[Items listed in a dataset]
····················
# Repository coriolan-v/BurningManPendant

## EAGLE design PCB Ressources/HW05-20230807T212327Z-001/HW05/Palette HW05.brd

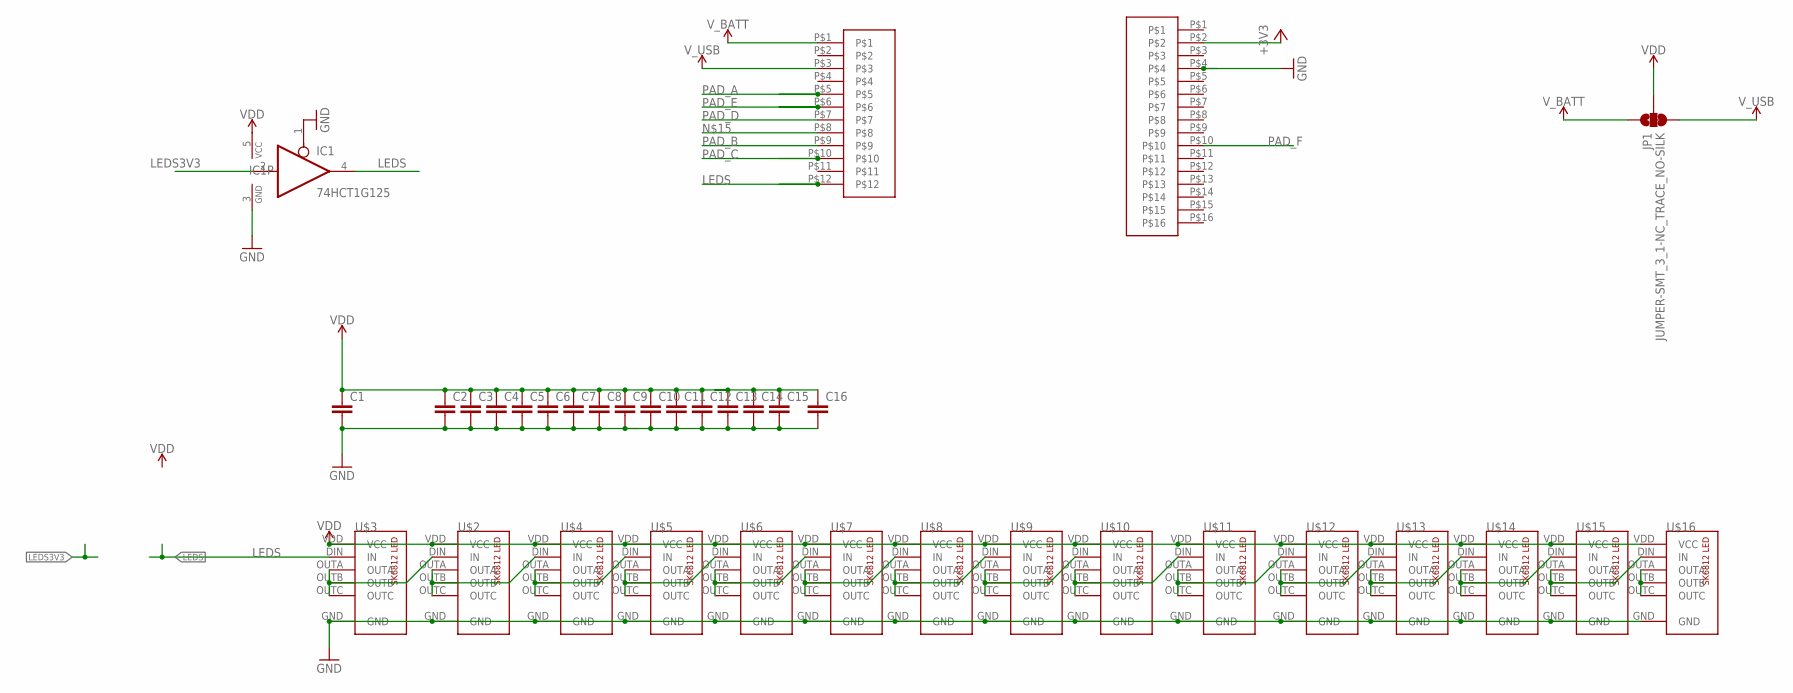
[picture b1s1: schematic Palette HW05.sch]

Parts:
C1, C2, C3, C4, C5, C6, C7, C8, C9, C10, C11, C12, C13, C14, C15: C-EUC0402K; C0402K
C16: C-EUC0805K; C0805K
IC1: 74HCT1G125; SOT23-5
JP1: JUMPER-SMT_3_1-NC_TRACE_NO-SILK; SMT-JUMPER_3_1-NC_TRACE_NO-SILK
U$2, U$3, U$4, U$5, U$6, U$7, U$8, U$9, U$10, U$11, U$12, U$13, U$14, U$15, U$16: SK6812OK; SK6812_V2C
U$17: SMD-FEMALE-HEADER-16
U$18: SMD-FEMALE-HEADER-12

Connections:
+3V3: U$17.P$2
GND: C1.2, C2.2, C3.2, C4.2, C5.2, C6.2, C7.2, C8.2, C9.2, C10.2, C11.2, C12.2, C13.2, C14.2, C15.2, C16.2, IC1.1 (OE), IC1.3 (GND), U$2.GND, U$3.GND, U$4.GND, U$5.GND, U$6.GND, U$7.GND, U$8.GND, U$9.GND, U$10.GND, U$11.GND, U$12.GND, U$13.GND, U$14.GND, U$15.GND, U$16.GND, U$17.P$4
LEDS: IC1.4 (O), U$3.DIN (IN), U$18.P$12
LEDS3V3: IC1.2 (I)
unnamed: U$2.DIN (IN), U$3.OUTA, U$3.OUTB, U$3.OUTC
unnamed: U$2.OUTA, U$2.OUTB, U$2.OUTC, U$4.DIN (IN)
unnamed: U$4.OUTA, U$4.OUTB, U$4.OUTC, U$5.DIN (IN)
unnamed: U$5.OUTA, U$5.OUTB, U$5.OUTC, U$6.DIN (IN)
unnamed: U$6.OUTA, U$6.OUTB, U$6.OUTC, U$7.DIN (IN)
unnamed: U$7.OUTA, U$7.OUTB, U$7.OUTC, U$8.DIN (IN)
unnamed: U$8.OUTA, U$8.OUTB, U$8.OUTC, U$9.DIN (IN)
unnamed: U$9.OUTA, U$9.OUTB, U$9.OUTC, U$10.DIN (IN)
unnamed: U$10.OUTA, U$10.OUTB, U$10.OUTC, U$11.DIN (IN)
unnamed: U$11.OUTA, U$11.OUTB, U$11.OUTC, U$12.DIN (IN)
unnamed: U$12.OUTA, U$12.OUTB, U$12.OUTC, U$13.DIN (IN)
unnamed: U$13.OUTA, U$13.OUTB, U$13.OUTC, U$14.DIN (IN)
unnamed: U$14.OUTA, U$14.OUTB, U$14.OUTC, U$15.DIN (IN)
unnamed: U$15.OUTA, U$15.OUTB, U$15.OUTC, U$16.DIN (IN)
unnamed: U$16.OUTA, U$16.OUTB, U$16.OUTC
PAD_A: U$18.P$5
PAD_B: U$18.P$9
PAD_C: U$18.P$10
PAD_D: U$18.P$7
PAD_E: U$18.P$6
PAD_F: U$17.P$10
VDD: C1.1, C2.1, C3.1, C4.1, C5.1, C6.1, C7.1, C8.1, C9.1, C10.1, C11.1, C12.1, C13.1, C14.1, C15.1, C16.1, IC1.5 (VCC), JP1.2, U$2.VDD (VCC), U$3.VDD (VCC), U$4.VDD (VCC), U$5.VDD (VCC), U$6.VDD (VCC), U$7.VDD (VCC), U$8.VDD (VCC), U$9.VDD (VCC), U$10.VDD (VCC), U$11.VDD (VCC), U$12.VDD (VCC), U$13.VDD (VCC), U$14.VDD (VCC), U$15.VDD (VCC), U$16.VDD (VCC)
V_BATT: JP1.1, U$18.P$1
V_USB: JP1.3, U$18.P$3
····················
● Instructions to follow:
From the records, copy out each line that includes the string "Palette".

● Completed task:
## EAGLE design PCB Ressources/HW05-20230807T212327Z-001/HW05/Palette HW05.brd
[picture b1s1: schematic Palette HW05.sch]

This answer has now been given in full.